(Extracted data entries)
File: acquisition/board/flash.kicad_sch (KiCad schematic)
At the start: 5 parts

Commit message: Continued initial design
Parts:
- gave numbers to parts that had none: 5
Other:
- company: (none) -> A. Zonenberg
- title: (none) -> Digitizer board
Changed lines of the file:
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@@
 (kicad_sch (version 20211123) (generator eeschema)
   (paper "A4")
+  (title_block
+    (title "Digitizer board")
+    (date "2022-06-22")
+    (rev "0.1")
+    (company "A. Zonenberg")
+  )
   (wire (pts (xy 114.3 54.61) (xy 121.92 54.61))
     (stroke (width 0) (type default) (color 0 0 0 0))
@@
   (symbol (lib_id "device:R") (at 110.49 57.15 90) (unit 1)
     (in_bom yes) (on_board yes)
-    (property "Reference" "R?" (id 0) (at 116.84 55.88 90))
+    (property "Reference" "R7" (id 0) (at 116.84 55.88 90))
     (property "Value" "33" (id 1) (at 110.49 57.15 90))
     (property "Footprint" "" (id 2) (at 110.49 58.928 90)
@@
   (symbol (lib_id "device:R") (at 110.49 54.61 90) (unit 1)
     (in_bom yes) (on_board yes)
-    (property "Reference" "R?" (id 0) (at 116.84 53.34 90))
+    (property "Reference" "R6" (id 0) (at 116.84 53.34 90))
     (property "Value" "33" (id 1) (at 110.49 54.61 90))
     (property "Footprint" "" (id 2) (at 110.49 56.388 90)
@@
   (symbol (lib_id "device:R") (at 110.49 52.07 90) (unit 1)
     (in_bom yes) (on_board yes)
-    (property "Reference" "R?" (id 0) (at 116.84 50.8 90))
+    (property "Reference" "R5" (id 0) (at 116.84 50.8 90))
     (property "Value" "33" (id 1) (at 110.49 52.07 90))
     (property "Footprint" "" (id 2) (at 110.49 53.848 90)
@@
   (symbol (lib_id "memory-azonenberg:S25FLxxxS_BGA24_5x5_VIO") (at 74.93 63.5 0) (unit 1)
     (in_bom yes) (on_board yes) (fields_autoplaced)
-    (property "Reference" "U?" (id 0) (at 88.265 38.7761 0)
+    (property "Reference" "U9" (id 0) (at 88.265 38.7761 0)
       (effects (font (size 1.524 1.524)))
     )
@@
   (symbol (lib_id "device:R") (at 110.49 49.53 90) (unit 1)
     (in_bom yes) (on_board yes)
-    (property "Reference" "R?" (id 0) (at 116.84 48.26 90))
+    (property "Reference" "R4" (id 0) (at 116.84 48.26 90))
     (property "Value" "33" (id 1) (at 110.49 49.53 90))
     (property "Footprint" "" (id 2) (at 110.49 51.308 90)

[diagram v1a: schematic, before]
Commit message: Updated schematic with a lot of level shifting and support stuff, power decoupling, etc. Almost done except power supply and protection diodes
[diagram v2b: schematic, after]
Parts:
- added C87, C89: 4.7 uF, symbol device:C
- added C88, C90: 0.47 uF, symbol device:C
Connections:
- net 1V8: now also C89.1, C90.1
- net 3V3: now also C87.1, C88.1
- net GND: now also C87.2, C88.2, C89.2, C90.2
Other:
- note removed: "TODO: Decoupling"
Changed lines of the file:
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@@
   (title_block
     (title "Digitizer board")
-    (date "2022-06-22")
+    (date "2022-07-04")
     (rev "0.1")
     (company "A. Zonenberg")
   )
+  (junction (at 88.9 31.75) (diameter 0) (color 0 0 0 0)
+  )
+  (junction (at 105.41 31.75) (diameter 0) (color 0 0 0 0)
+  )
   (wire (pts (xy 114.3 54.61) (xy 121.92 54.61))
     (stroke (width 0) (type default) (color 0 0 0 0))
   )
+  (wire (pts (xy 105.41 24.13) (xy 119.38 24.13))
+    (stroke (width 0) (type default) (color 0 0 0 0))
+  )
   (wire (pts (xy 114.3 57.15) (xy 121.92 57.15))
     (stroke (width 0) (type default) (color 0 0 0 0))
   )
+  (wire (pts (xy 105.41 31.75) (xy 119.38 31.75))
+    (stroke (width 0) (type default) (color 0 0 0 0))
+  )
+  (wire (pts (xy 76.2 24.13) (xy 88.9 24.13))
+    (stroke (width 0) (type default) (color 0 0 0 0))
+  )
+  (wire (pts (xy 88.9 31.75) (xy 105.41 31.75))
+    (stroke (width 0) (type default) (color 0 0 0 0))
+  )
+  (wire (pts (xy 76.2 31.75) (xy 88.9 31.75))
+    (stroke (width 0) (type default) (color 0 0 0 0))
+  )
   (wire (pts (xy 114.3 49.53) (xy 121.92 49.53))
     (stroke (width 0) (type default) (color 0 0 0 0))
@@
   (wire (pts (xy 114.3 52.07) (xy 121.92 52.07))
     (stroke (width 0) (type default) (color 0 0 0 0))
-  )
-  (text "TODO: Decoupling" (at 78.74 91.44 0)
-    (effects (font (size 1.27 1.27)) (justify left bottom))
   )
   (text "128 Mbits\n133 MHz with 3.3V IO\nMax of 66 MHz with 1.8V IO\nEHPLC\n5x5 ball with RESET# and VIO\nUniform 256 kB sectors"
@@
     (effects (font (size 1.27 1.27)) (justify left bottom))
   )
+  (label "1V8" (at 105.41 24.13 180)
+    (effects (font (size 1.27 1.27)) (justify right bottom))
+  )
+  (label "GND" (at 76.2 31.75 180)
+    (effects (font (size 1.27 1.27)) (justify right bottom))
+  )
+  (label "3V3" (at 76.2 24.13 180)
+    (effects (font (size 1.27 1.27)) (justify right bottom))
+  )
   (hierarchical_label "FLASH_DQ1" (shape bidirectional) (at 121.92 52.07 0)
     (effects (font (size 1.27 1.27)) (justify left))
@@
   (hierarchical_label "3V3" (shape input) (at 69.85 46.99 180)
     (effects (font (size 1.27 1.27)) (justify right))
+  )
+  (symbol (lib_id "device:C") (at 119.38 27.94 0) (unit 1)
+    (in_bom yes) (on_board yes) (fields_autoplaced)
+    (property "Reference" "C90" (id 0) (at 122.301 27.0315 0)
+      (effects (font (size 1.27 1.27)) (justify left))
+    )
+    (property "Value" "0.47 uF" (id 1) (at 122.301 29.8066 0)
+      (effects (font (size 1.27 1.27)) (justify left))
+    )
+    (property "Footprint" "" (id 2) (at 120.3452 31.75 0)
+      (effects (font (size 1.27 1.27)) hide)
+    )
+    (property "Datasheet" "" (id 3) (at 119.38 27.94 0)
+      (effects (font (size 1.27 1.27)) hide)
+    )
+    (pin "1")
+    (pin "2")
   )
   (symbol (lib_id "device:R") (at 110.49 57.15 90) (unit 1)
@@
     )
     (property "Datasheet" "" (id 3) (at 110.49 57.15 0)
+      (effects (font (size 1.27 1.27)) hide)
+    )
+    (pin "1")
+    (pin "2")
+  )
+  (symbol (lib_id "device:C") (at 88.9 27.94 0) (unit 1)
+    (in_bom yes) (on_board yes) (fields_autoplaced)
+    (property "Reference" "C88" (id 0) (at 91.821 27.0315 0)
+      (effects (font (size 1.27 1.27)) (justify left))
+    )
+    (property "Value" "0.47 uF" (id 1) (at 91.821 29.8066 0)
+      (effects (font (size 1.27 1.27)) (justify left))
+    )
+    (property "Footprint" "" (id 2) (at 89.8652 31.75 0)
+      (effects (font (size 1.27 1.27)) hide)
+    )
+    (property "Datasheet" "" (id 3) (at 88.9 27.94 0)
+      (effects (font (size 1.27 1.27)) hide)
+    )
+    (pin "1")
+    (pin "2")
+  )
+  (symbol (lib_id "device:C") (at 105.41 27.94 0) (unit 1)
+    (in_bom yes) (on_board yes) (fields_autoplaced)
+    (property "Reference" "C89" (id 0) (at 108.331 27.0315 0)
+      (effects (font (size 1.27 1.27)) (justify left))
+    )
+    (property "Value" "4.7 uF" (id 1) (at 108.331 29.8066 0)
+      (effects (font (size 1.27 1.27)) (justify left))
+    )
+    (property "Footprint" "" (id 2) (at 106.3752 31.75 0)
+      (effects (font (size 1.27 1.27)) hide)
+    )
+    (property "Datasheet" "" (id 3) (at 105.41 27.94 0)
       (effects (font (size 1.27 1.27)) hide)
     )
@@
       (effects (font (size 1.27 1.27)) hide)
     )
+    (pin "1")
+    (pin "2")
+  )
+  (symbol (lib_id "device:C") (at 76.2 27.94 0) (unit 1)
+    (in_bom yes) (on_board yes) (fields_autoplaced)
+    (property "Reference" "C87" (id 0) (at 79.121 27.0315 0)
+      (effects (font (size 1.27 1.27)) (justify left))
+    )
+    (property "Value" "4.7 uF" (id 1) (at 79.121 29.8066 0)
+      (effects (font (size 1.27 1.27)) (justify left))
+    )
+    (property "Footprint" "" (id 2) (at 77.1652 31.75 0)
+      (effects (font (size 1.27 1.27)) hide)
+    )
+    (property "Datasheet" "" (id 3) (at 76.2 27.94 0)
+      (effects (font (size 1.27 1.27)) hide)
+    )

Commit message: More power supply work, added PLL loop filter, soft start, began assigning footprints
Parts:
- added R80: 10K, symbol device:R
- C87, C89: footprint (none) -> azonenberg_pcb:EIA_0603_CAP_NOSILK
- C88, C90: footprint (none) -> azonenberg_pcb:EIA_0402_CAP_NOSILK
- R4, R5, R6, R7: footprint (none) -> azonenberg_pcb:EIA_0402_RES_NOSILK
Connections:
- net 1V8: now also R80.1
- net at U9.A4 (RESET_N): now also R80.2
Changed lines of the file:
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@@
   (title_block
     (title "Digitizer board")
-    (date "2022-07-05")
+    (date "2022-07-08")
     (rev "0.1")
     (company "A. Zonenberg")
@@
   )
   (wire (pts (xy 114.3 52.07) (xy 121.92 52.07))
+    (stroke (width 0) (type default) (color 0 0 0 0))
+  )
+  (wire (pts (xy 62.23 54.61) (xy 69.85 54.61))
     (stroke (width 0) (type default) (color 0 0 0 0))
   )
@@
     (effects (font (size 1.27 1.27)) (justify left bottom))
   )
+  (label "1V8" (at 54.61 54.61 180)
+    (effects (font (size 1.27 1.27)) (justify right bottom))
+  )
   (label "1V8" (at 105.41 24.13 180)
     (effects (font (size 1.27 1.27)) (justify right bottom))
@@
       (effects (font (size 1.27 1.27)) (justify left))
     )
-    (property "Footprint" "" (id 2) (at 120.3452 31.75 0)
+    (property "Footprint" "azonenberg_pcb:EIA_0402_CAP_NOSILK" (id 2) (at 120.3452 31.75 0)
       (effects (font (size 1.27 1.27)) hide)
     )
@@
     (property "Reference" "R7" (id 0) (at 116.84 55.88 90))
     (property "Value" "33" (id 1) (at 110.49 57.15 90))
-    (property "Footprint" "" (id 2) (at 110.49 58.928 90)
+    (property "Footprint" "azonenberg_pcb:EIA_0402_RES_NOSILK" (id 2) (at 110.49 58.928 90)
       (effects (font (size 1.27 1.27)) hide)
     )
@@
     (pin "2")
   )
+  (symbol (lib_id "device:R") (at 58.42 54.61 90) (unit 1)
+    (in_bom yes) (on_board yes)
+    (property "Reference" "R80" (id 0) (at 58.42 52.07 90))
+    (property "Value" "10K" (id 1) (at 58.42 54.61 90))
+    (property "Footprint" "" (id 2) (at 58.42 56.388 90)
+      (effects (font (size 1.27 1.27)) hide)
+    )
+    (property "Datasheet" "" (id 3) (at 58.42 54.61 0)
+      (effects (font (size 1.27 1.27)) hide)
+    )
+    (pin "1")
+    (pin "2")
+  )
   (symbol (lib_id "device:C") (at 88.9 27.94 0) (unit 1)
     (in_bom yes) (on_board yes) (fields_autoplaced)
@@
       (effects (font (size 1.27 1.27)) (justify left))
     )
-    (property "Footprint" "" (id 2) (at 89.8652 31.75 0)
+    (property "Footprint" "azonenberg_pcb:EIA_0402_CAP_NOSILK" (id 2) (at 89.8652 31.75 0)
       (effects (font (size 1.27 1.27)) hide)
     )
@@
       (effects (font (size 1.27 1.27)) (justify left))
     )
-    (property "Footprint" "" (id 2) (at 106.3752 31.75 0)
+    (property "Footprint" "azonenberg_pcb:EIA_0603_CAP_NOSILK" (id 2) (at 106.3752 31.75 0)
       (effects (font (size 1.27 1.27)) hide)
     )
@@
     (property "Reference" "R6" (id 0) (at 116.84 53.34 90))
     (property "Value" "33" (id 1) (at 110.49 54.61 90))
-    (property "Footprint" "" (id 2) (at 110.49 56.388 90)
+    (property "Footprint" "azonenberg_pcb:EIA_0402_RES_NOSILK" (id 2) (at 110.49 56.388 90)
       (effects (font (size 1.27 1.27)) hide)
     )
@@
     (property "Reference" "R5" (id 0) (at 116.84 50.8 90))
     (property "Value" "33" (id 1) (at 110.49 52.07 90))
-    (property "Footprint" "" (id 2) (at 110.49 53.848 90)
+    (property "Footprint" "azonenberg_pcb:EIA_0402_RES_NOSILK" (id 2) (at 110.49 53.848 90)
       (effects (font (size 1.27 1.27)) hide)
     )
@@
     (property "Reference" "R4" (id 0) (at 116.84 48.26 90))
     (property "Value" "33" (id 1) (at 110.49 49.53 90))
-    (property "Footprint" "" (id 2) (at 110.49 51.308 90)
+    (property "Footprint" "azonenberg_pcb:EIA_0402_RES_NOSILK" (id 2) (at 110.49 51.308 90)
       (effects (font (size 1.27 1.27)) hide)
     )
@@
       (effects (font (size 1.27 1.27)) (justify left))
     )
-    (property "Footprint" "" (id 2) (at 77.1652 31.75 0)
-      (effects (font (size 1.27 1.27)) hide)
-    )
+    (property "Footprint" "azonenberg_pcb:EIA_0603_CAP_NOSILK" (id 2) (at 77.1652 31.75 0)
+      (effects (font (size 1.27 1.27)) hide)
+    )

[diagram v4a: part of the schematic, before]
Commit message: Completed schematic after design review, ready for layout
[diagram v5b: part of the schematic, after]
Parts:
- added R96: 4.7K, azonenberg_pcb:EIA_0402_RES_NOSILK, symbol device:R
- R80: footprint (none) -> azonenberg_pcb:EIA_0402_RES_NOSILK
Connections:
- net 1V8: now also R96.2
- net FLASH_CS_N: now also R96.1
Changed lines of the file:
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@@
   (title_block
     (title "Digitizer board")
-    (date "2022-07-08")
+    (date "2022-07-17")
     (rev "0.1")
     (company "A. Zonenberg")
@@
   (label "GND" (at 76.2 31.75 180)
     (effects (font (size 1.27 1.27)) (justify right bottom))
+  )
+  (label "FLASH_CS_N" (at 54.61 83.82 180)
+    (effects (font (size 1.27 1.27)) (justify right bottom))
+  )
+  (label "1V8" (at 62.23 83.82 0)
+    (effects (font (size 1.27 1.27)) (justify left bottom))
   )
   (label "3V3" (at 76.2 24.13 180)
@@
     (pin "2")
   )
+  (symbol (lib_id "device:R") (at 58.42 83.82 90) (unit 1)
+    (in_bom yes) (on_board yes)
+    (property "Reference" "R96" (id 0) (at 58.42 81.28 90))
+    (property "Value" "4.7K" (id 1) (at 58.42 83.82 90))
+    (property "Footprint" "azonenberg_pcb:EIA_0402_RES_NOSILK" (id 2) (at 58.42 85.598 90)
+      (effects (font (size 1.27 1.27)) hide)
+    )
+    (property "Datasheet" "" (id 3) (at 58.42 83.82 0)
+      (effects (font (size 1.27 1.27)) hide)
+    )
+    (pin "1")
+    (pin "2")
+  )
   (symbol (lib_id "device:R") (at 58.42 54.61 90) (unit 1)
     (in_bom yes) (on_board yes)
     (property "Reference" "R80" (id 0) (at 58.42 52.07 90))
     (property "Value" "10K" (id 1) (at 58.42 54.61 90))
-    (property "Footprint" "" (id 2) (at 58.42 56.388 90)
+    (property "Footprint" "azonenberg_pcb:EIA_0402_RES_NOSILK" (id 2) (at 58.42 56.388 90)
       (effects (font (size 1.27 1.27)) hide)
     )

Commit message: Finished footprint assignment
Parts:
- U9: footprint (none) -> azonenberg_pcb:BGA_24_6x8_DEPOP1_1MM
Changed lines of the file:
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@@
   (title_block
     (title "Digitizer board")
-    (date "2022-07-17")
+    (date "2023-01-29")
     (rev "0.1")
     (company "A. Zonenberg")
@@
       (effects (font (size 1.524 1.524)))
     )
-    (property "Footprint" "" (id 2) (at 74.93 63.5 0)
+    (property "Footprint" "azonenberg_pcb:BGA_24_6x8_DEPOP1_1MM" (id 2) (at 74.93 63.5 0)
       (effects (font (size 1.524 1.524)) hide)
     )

Exercise directions: When a line among the entries contains "before", pull that line out.

Solution to the problem:
[diagram v1a: schematic, before]
[diagram v4a: part of the schematic, before]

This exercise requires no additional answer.